Vibrating Membrane System Helps Turn Cow Manure into Clean Water & Organic Fertilizer
EMERYVILLE, CA—March 22, 2016—New Logic Research announced today the successful commissioning of a VSEP® vibrating membrane system to make clean water from digested cow manure. The VSEP® system, located in the Italian Alps region of Wipptal, takes the effluent from an anaerobic digester and transforms it into clean water which can either be reused or safely discharged to the environment. The project was implemented with the expert assistance of O.B. Impianti, New Logic’s distribution partner in Northern Italy.
Although cows have a simple diet, the digestive system of ruminant animals makes for complicated wastewater treatment scenarios. VSEP’s patented vibratory shear mechanism coupled with an innovative filter pack design means it can uniquely create crystal clear permeate from water heavily laden with biological material like cow manure.

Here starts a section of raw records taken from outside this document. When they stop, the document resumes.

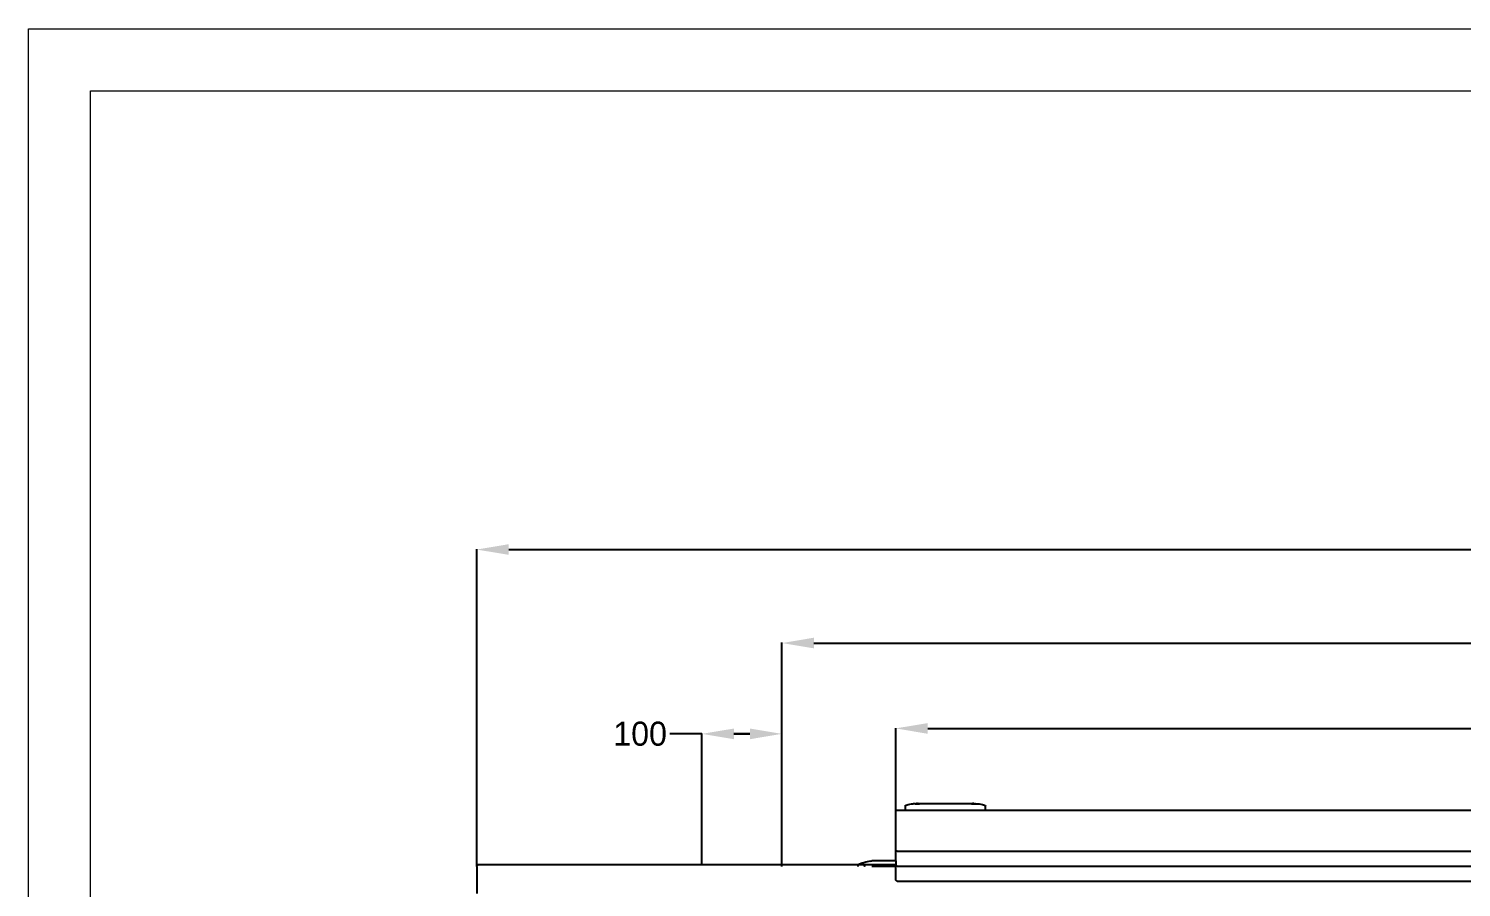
# Model space of a CAD drawing. Header units: millimetres. Extents: x -2916 to 2490, y 92 to 4100.
# Drawn here: x -2916 to -1128, y 3028 to 4100 of the extents above; entities that cross this region are included whole.
import ezdxf

# ---------------------------------------------------------------- set-up
doc = ezdxf.new("R2010")
doc.units = ezdxf.units.MM
doc.header["$PDSIZE"] = -1
doc.layers.add('DIMS', color=1, linetype='Continuous')
doc.layers.add('tabelka', color=155, linetype='Continuous')
doc.styles.get("Standard").update_dxf_attribs({"font": 'Gothic.ttf'})
doc.dimstyles.new('ISO-25', dxfattribs={"dimtxt": 2.5, "dimasz": 2.5, "dimexe": 1.25, "dimexo": 0.625, "dimtad": 1, "dimtxsty": 'Standard', "dimcen": 2.5, "dimadec": 0, "dimazin": 0, "dimtfac": 1, "dimtmove": 0, "dimatfit": 3, "dimfxl": 1, "dimarcsym": 0})

# ---------------------------------------------------------------- blocks, each defined once
blk = doc.blocks.new('*D78')
at = {"layer": 'Defpoints', "color": 0}
for p in [(632.9, 3449.5), (-2357.1, 3053.6), (632.9, 3054.1)]:
    blk.add_point(p, dxfattribs=at)
at = {"layer": 'DIMS', "color": 0, "lineweight": -2}
for p, q in [((-2357.1, 3054.1), (-2357.1, 3450)), ((-2317.1, 3449.5), (-913.1, 3449.5)), ((592.9, 3449.5), (-811.1, 3449.5)), ((632.9, 3054.6), (632.9, 3450))]:
    blk.add_line(p, q, dxfattribs=at)
at = {"layer": 'DIMS', "color": 0}
for points in [[(-2317.1, 3456.2), (-2317.1, 3442.9), (-2357.1, 3449.5)], [(592.9, 3442.9), (592.9, 3456.2), (632.9, 3449.5)]]:
    blk.add_solid(points, dxfattribs=at)
at = {"layer": 'DIMS', "color": 0, "insert": (-862.1, 3449.5), "char_height": 30, "attachment_point": 5}
blk.add_mtext('2990', dxfattribs=at)
blk = doc.blocks.new('*D79')
at = {"layer": 'Defpoints', "color": 0}
for p in [(-1976.1, 3219.5), (-2076.1, 3055.3), (-1976.1, 3053.6)]:
    blk.add_point(p, dxfattribs=at)
at = {"layer": 'DIMS', "color": 0, "lineweight": -2}
for p, q in [((-2076.1, 3219.5), (-2116.1, 3219.5)), ((-2076.1, 3055.8), (-2076.1, 3220)), ((-2036.1, 3219.5), (-2016.1, 3219.5)), ((-2016.1, 3219.5), (-2036.1, 3219.5)), ((-1976.1, 3054.1), (-1976.1, 3220))]:
    blk.add_line(p, q, dxfattribs=at)
at = {"layer": 'DIMS', "color": 0}
for points in [[(-2036.1, 3226.1), (-2036.1, 3212.8), (-2076.1, 3219.5)], [(-2016.1, 3212.8), (-2016.1, 3226.1), (-1976.1, 3219.5)]]:
    blk.add_solid(points, dxfattribs=at)
at = {"layer": 'DIMS', "color": 0, "insert": (-2153.1, 3219.5), "char_height": 30, "attachment_point": 5}
blk.add_mtext('100', dxfattribs=at)
blk = doc.blocks.new('*D80')
at = {"layer": 'Defpoints', "color": 0}
for p in [(247.9, 3332.8), (-1976.1, 3054.1), (247.9, 3054.6)]:
    blk.add_point(p, dxfattribs=at)
at = {"layer": 'DIMS', "color": 0, "lineweight": -2}
for p, q in [((-1976.1, 3054.6), (-1976.1, 3333.3)), ((-1936.1, 3332.8), (-915.1, 3332.8)), ((207.9, 3332.8), (-813.1, 3332.8)), ((247.9, 3055.1), (247.9, 3333.3))]:
    blk.add_line(p, q, dxfattribs=at)
at = {"layer": 'DIMS', "color": 0}
for points in [[(-1936.1, 3339.5), (-1936.1, 3326.2), (-1976.1, 3332.8)], [(207.9, 3326.2), (207.9, 3339.5), (247.9, 3332.8)]]:
    blk.add_solid(points, dxfattribs=at)
at = {"layer": 'DIMS', "color": 0, "insert": (-864.1, 3332.8), "char_height": 30, "attachment_point": 5}
blk.add_mtext('2220', dxfattribs=at)
blk = doc.blocks.new('*D87')
at = {"layer": 'Defpoints', "color": 0}
for p in [(109.9, 3226.3), (-1834.1, 3122.4), (109.9, 3122.4)]:
    blk.add_point(p, dxfattribs=at)
at = {"layer": 'DIMS', "color": 0, "lineweight": -2}
for p, q in [((-1834.1, 3122.9), (-1834.1, 3226.8)), ((-1794.1, 3226.3), (-910.4, 3226.3)), ((69.9, 3226.3), (-813.7, 3226.3)), ((109.9, 3122.9), (109.9, 3226.8))]:
    blk.add_line(p, q, dxfattribs=at)
at = {"layer": 'DIMS', "color": 0}
for points in [[(-1794.1, 3232.9), (-1794.1, 3219.6), (-1834.1, 3226.3)], [(69.9, 3219.6), (69.9, 3232.9), (109.9, 3226.3)]]:
    blk.add_solid(points, dxfattribs=at)
at = {"layer": 'DIMS', "color": 0, "insert": (-862.1, 3226.3), "char_height": 30, "attachment_point": 5}
blk.add_mtext('1945', dxfattribs=at)

msp = doc.modelspace()

# ---------------------------------------------------------------- linework, layer by layer
for p, q in [((-1822.1, 3129.4), (-1821.8, 3130)), ((-1821.8, 3130), (-1821.1, 3130.6)), ((-1821.1, 3130.6), (-1819.9, 3131.1)), ((-1819.9, 3131.1), (-1818.3, 3131.5)), ((-1818.3, 3131.5), (-1816.4, 3131.8)), ((-1816.4, 3131.8), (-1814.3, 3132)), ((-1814.3, 3132), (-1812.1, 3132)), ((-1809.6, 3132), (-1812.1, 3132)), ((-1809.6, 3132), (-1809.5, 3132.1)), ((-1809.6, 3132.1), (-1809.6, 3132)), ((-1809.5, 3132.1), (-1809.6, 3132.1)), ((-1809.6, 3132), (-1809.6, 3132)), ((-1809.5, 3132.1), (-1809.5, 3132.1)), ((-1809.5, 3132.1), (-1809.5, 3132.1)), ((-1809.5, 3132.1), (-1809.4, 3132.1)), ((-1809.5, 3132.1), (-1809.5, 3132)), ((-1809.4, 3132), (-1809.5, 3132)), ((-1809.4, 3132.1), (-1809.3, 3132.1)), ((-1809.4, 3132.1), (-1809.4, 3132.1)), ((-1809.3, 3132), (-1809.4, 3132)), ((-1809.3, 3132.2), (-1809.2, 3132.2)), ((-1809.3, 3132.1), (-1809.3, 3132.2)), ((-1809.2, 3132), (-1809.3, 3132)), ((-1809.2, 3132.2), (-1809.1, 3132.2)), ((-1809.2, 3132), (-1809.2, 3132.1)), ((-1809.2, 3132.1), (-1809.1, 3132)), ((-1809.1, 3132.2), (-1809, 3132.2)), ((-1809.1, 3132.2), (-1809.1, 3132.2)), ((-1809.1, 3132.2), (-1809.1, 3132.2)), ((-1809.1, 3132), (-1809.1, 3132)), ((-1809.1, 3132), (-1809, 3132)), ((-1809, 3132.2), (-1808.9, 3132.2)), ((-1808.9, 3132), (-1809, 3132)), ((-1808.9, 3132.2), (-1808.9, 3132.3)), ((-1808.9, 3132.3), (-1808.8, 3132.2)), ((-1808.8, 3132), (-1808.9, 3132)), ((-1808.8, 3132.3), (-1808.7, 3132.3)), ((-1808.8, 3132.2), (-1808.8, 3132.3)), ((-1808.8, 3132.3), (-1808.8, 3132.3)), ((-1808.8, 3132), (-1808.8, 3132.1)), ((-1808.8, 3132), (-1808.8, 3132)), ((-1808.8, 3132), (-1808.8, 3132)), ((-1808.8, 3132), (-1808.7, 3132)), ((-1808.7, 3132.3), (-1808.7, 3132.3)), ((-1808.7, 3132.3), (-1808.6, 3132.3)), ((-1808.7, 3132), (-1808.7, 3132)), ((-1808.7, 3132), (-1808.6, 3132)), ((-1808.6, 3132.3), (-1808.5, 3132.3)), ((-1808.6, 3132.3), (-1808.6, 3132.3)), ((-1808.6, 3132), (-1808.5, 3132)), ((-1808.5, 3132.3), (-1808.5, 3132.3)), ((-1808.4, 3132.3), (-1808.5, 3132.3)), ((-1808.4, 3132), (-1808.5, 3132)), ((-1808.5, 3132), (-1808.5, 3132)), ((-1808.4, 3132.3), (-1808.3, 3132.3)), ((-1808.4, 3132.3), (-1808.4, 3132.3)), ((-1808.3, 3132), (-1808.4, 3132)), ((-1808.4, 3132), (-1808.4, 3132)), ((-1808.3, 3132.3), (-1808.3, 3132.4)), ((-1808.3, 3132.4), (-1808.2, 3132.3)), ((-1808.3, 3132.3), (-1808.3, 3132.3)), ((-1808.3, 3132), (-1808.3, 3132)), ((-1808.3, 3132), (-1808.2, 3132)), ((-1808.2, 3132.3), (-1808.1, 3132.4)), ((-1808.2, 3132), (-1808, 3132)), ((-1808.1, 3132.4), (-1808.1, 3132.4)), ((-1808.1, 3132.4), (-1808, 3132.4)), ((-1808, 3132.4), (-1808, 3132.4)), ((-1807.9, 3132.4), (-1808, 3132.4)), ((-1808, 3132), (-1808, 3132)), ((-1808, 3132), (-1807.9, 3132)), ((-1807.8, 3132.4), (-1807.9, 3132.4)), ((-1807.9, 3132), (-1807.8, 3132)), ((-1807.8, 3132.4), (-1807.8, 3132.4)), ((-1807.8, 3132.4), (-1807.7, 3132.4)), ((-1807.8, 3132), (-1807.7, 3132)), ((-1807.7, 3132.4), (-1807.7, 3132.4)), ((-1807.7, 3132.4), (-1807.7, 3132.4)), ((-1807.7, 3132.4), (-1807.6, 3132.4)), ((-1807.7, 3132), (-1807.6, 3132)), ((-1807.5, 3132.4), (-1807.6, 3132.4)), ((-1807.6, 3132.4), (-1807.6, 3132.4)), ((-1807.6, 3132), (-1807.5, 3132)), ((-1807.4, 3132.4), (-1807.5, 3132.4)), ((-1807.5, 3132.4), (-1807.5, 3132.4)), ((-1807.5, 3132), (-1807.5, 3132)), ((-1807.5, 3132), (-1807.4, 3132)), ((-1807.4, 3132.4), (-1807.3, 3132.4)), ((-1807.4, 3132.4), (-1807.4, 3132.4)), ((-1807.4, 3132), (-1807.4, 3132)), ((-1807.4, 3132), (-1807.4, 3132)), ((-1807.4, 3132), (-1807.3, 3132)), ((-1807.3, 3132.4), (-1807.2, 3132.4)), ((-1807.3, 3132), (-1807.2, 3132)), ((-1807.3, 3132), (-1807.3, 3132)), ((-1807.2, 3132.4), (-1807.1, 3132.4)), ((-1807.2, 3132.4), (-1807.2, 3132.4)), ((-1807.2, 3132), (-1807.1, 3132)), ((-1807.1, 3132.4), (-1807, 3132.4)), ((-1807.1, 3132), (-1807.1, 3132)), ((-1807.1, 3132), (-1807, 3132)), ((-1806.9, 3132.4), (-1807, 3132.4)), ((-1807, 3132), (-1806.9, 3132)), ((-1806.9, 3132.4), (-1806.8, 3132.4)), ((-1806.9, 3132.4), (-1806.9, 3132.4)), ((-1806.9, 3132), (-1806.9, 3132)), ((-1806.9, 3132), (-1806.9, 3132)), ((-1806.9, 3132), (-1806.8, 3132)), ((-1806.7, 3132.4), (-1806.8, 3132.4)), ((-1806.8, 3132), (-1806.7, 3132)), ((-1806.7, 3132.4), (-1806.6, 3132.4)), ((-1806.7, 3132), (-1806.7, 3132)), ((-1806.7, 3132), (-1806.7, 3132)), ((-1806.7, 3132), (-1806.6, 3132)), ((-1806.6, 3132.4), (-1806.6, 3132.4)), ((-1806.5, 3132.4), (-1806.6, 3132.4)), ((-1806.6, 3132), (-1806.5, 3132)), ((-1806.5, 3132.4), (-1806.5, 3132.4)), ((-1806.4, 3132.4), (-1806.5, 3132.4)), ((-1806.5, 3132), (-1806.5, 3132)), ((-1806.5, 3132), (-1806.4, 3132)), ((-1806.3, 3132.4), (-1806.4, 3132.4)), ((-1806.4, 3132.4), (-1806.4, 3132.4)), ((-1806.4, 3132), (-1806.2, 3132)), ((-1806.3, 3132.4), (-1806.3, 3132.4)), ((-1806.2, 3132.4), (-1806.3, 3132.4)), ((-1806.2, 3132.4), (-1806.2, 3132.4)), ((-1806.2, 3132.4), (-1806.1, 3132.4)), ((-1806.2, 3132.4), (-1806.2, 3132.4)), ((-1806.2, 3132), (-1806.2, 3132)), ((-1806.2, 3132), (-1806.1, 3132)), ((-1806.1, 3132.4), (-1806, 3132.4)), ((-1806.1, 3132), (-1806, 3132)), ((-1806, 3132.3), (-1806, 3132.4)), ((-1805.9, 3132.4), (-1806, 3132.3)), ((-1806, 3132), (-1805.9, 3132)), ((-1805.9, 3132.3), (-1805.9, 3132.4)), ((-1805.9, 3132.4), (-1805.9, 3132.4)), ((-1805.8, 3132.3), (-1805.9, 3132.3)), ((-1805.8, 3132), (-1805.9, 3132)), ((-1805.8, 3132.3), (-1805.8, 3132.3)), ((-1805.8, 3132.3), (-1805.7, 3132.3)), ((-1805.8, 3132), (-1805.8, 3132)), ((-1805.7, 3132), (-1805.8, 3132)), ((-1805.7, 3132.3), (-1805.7, 3132.3)), ((-1805.7, 3132.3), (-1805.6, 3132.3)), ((-1805.7, 3132), (-1805.7, 3132)), ((-1805.7, 3132), (-1805.6, 3132)), ((-1805.6, 3132.3), (-1805.6, 3132.3)), ((-1805.6, 3132.3), (-1805.5, 3132.3)), ((-1805.6, 3132), (-1805.5, 3132)), ((-1805.5, 3132.3), (-1805.5, 3132.3)), ((-1805.5, 3132.3), (-1805.5, 3132.3)), ((-1805.5, 3132.3), (-1805.4, 3132.3)), ((-1805.5, 3132), (-1805.5, 3132)), ((-1805.5, 3132), (-1805.5, 3132)), ((-1805.5, 3132), (-1805.4, 3132)), ((-1805.3, 3132.3), (-1805.4, 3132.3)), ((-1805.4, 3132), (-1805.3, 3132.1)), ((-1805.4, 3132), (-1805.4, 3132)), ((-1805.3, 3132.3), (-1805.3, 3132.3)), ((-1805.3, 3132.2), (-1805.3, 3132.3)), ((-1805.3, 3132.2), (-1805.2, 3132.2)), ((-1805.2, 3132), (-1805.3, 3132.1)), ((-1805.2, 3132.2), (-1805.2, 3132.2)), ((-1805.2, 3132.2), (-1805.2, 3132.2)), ((-1805.1, 3132.2), (-1805.2, 3132.2)), ((-1805.2, 3132), (-1805.2, 3132)), ((-1805.2, 3132), (-1805.1, 3132)), ((-1805.1, 3132.2), (-1805, 3132.2)), ((-1805.1, 3132.2), (-1805.1, 3132.2)), ((-1805.1, 3132), (-1805, 3132)), ((-1804.9, 3132.2), (-1805, 3132.2)), ((-1805, 3132.2), (-1805, 3132.2)), ((-1805, 3132), (-1805, 3132.1)), ((-1805, 3132), (-1805, 3132.1)), ((-1804.9, 3132), (-1805, 3132)), ((-1804.9, 3132.2), (-1804.9, 3132.1)), ((-1804.9, 3132.1), (-1804.8, 3132.1)), ((-1804.9, 3132), (-1804.8, 3132)), ((-1804.7, 3132.1), (-1804.8, 3132.1)), ((-1804.7, 3132), (-1804.8, 3132)), ((-1804.7, 3132.1), (-1804.7, 3132.1)), ((-1804.7, 3132.1), (-1804.7, 3132.1)), ((-1804.6, 3132.1), (-1804.7, 3132.1)), ((-1804.6, 3132.1), (-1804.7, 3132)), ((-1804.6, 3132.1), (-1804.6, 3132.1)), ((-1804.6, 3132), (-1804.6, 3132.1)), ((-1804.6, 3132), (-1804.6, 3132.1)), ((-1804.6, 3132), (-1804.6, 3132)), ((-1804.5, 3132), (-1804.6, 3132)), ((-1804.6, 3132), (-1804.5, 3132)), ((-1804.5, 3132), (-1804.5, 3132)), ((-1739.6, 3132), (-1804.5, 3132)), ((-1739.6, 3132), (-1739.5, 3132.1)), ((-1739.6, 3132.1), (-1739.6, 3132)), ((-1739.5, 3132.1), (-1739.6, 3132.1)), ((-1739.6, 3132), (-1739.6, 3132)), ((-1739.5, 3132.1), (-1739.5, 3132.1)), ((-1739.4, 3132.1), (-1739.5, 3132.1)), ((-1739.5, 3132), (-1739.5, 3132.1)), ((-1739.4, 3132), (-1739.5, 3132)), ((-1739.4, 3132.1), (-1739.3, 3132.1)), ((-1739.4, 3132.1), (-1739.4, 3132.1)), ((-1739.3, 3132), (-1739.4, 3132)), ((-1739.3, 3132.2), (-1739.2, 3132.2)), ((-1739.3, 3132.1), (-1739.3, 3132.2)), ((-1739.3, 3132), (-1739.2, 3132)), ((-1739.1, 3132.2), (-1739.2, 3132.2)), ((-1739.2, 3132), (-1739.1, 3132)), ((-1739.1, 3132.2), (-1739, 3132.2)), ((-1739.1, 3132.2), (-1739.1, 3132.2)), ((-1739.1, 3132.2), (-1739.1, 3132.2)), ((-1739.1, 3132), (-1739.1, 3132)), ((-1739.1, 3132), (-1739, 3132)), ((-1739, 3132.2), (-1739, 3132.2)), ((-1738.9, 3132.2), (-1739, 3132.2)), ((-1738.9, 3132), (-1739, 3132)), ((-1738.9, 3132.3), (-1738.9, 3132.3)), ((-1738.9, 3132.2), (-1738.9, 3132.3)), ((-1738.9, 3132.3), (-1738.8, 3132.3)), ((-1738.8, 3132), (-1738.9, 3132)), ((-1738.8, 3132.3), (-1738.8, 3132.3)), ((-1738.7, 3132.3), (-1738.8, 3132.3)), ((-1738.8, 3132), (-1738.8, 3132.1)), ((-1738.8, 3132), (-1738.8, 3132)), ((-1738.8, 3132), (-1738.8, 3132)), ((-1738.8, 3132), (-1738.7, 3132)), ((-1738.7, 3132.3), (-1738.7, 3132.3)), ((-1738.7, 3132.3), (-1738.7, 3132.3)), ((-1738.7, 3132.3), (-1738.6, 3132.3)), ((-1738.7, 3132), (-1738.7, 3132)), ((-1738.7, 3132), (-1738.6, 3132)), ((-1738.6, 3132.3), (-1738.5, 3132.3)), ((-1738.6, 3132.3), (-1738.6, 3132.3)), ((-1738.6, 3132), (-1738.5, 3132)), ((-1738.5, 3132.3), (-1738.4, 3132.3)), ((-1738.5, 3132.3), (-1738.5, 3132.3)), ((-1738.4, 3132), (-1738.5, 3132)), ((-1738.5, 3132), (-1738.5, 3132)), ((-1738.4, 3132.3), (-1738.3, 3132.3)), ((-1738.3, 3132), (-1738.4, 3132)), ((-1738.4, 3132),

“Digesters are great at making green power and reducing contaminant levels in the waste, but in most cases, further treatment of the liquid effluent is still necessary. Many have tried to treat digester effluent with standard spiral-wound reverse osmosis membrane systems only to find that it’s incredibly difficult, if not impossible” said New Logic CEO Greg Johnson. That’s why VSEP® is a perfect fit for digester effluent treatment: you get the reverse osmosis separation you desire, but deployed in a robust system designed to tackle the world’s toughest applications.”
The Wipptal project is a cooperative one, taking cow manure from more than three dozen local farmers. The liquid manure is transported to the treatment facility where more than 60% of it is transformed into clean water, while the remainder is turned into concentrated organic fertilizer. The only pretreatment between the digester and the VSEP is a 100 micron screening device to remove large particles from the feed material.
O.B. Impianti and New Logic are already building on the success of the Wipptall installation—they are currently working on two additional installations on the continent, where EU funding is frequently available for such projects.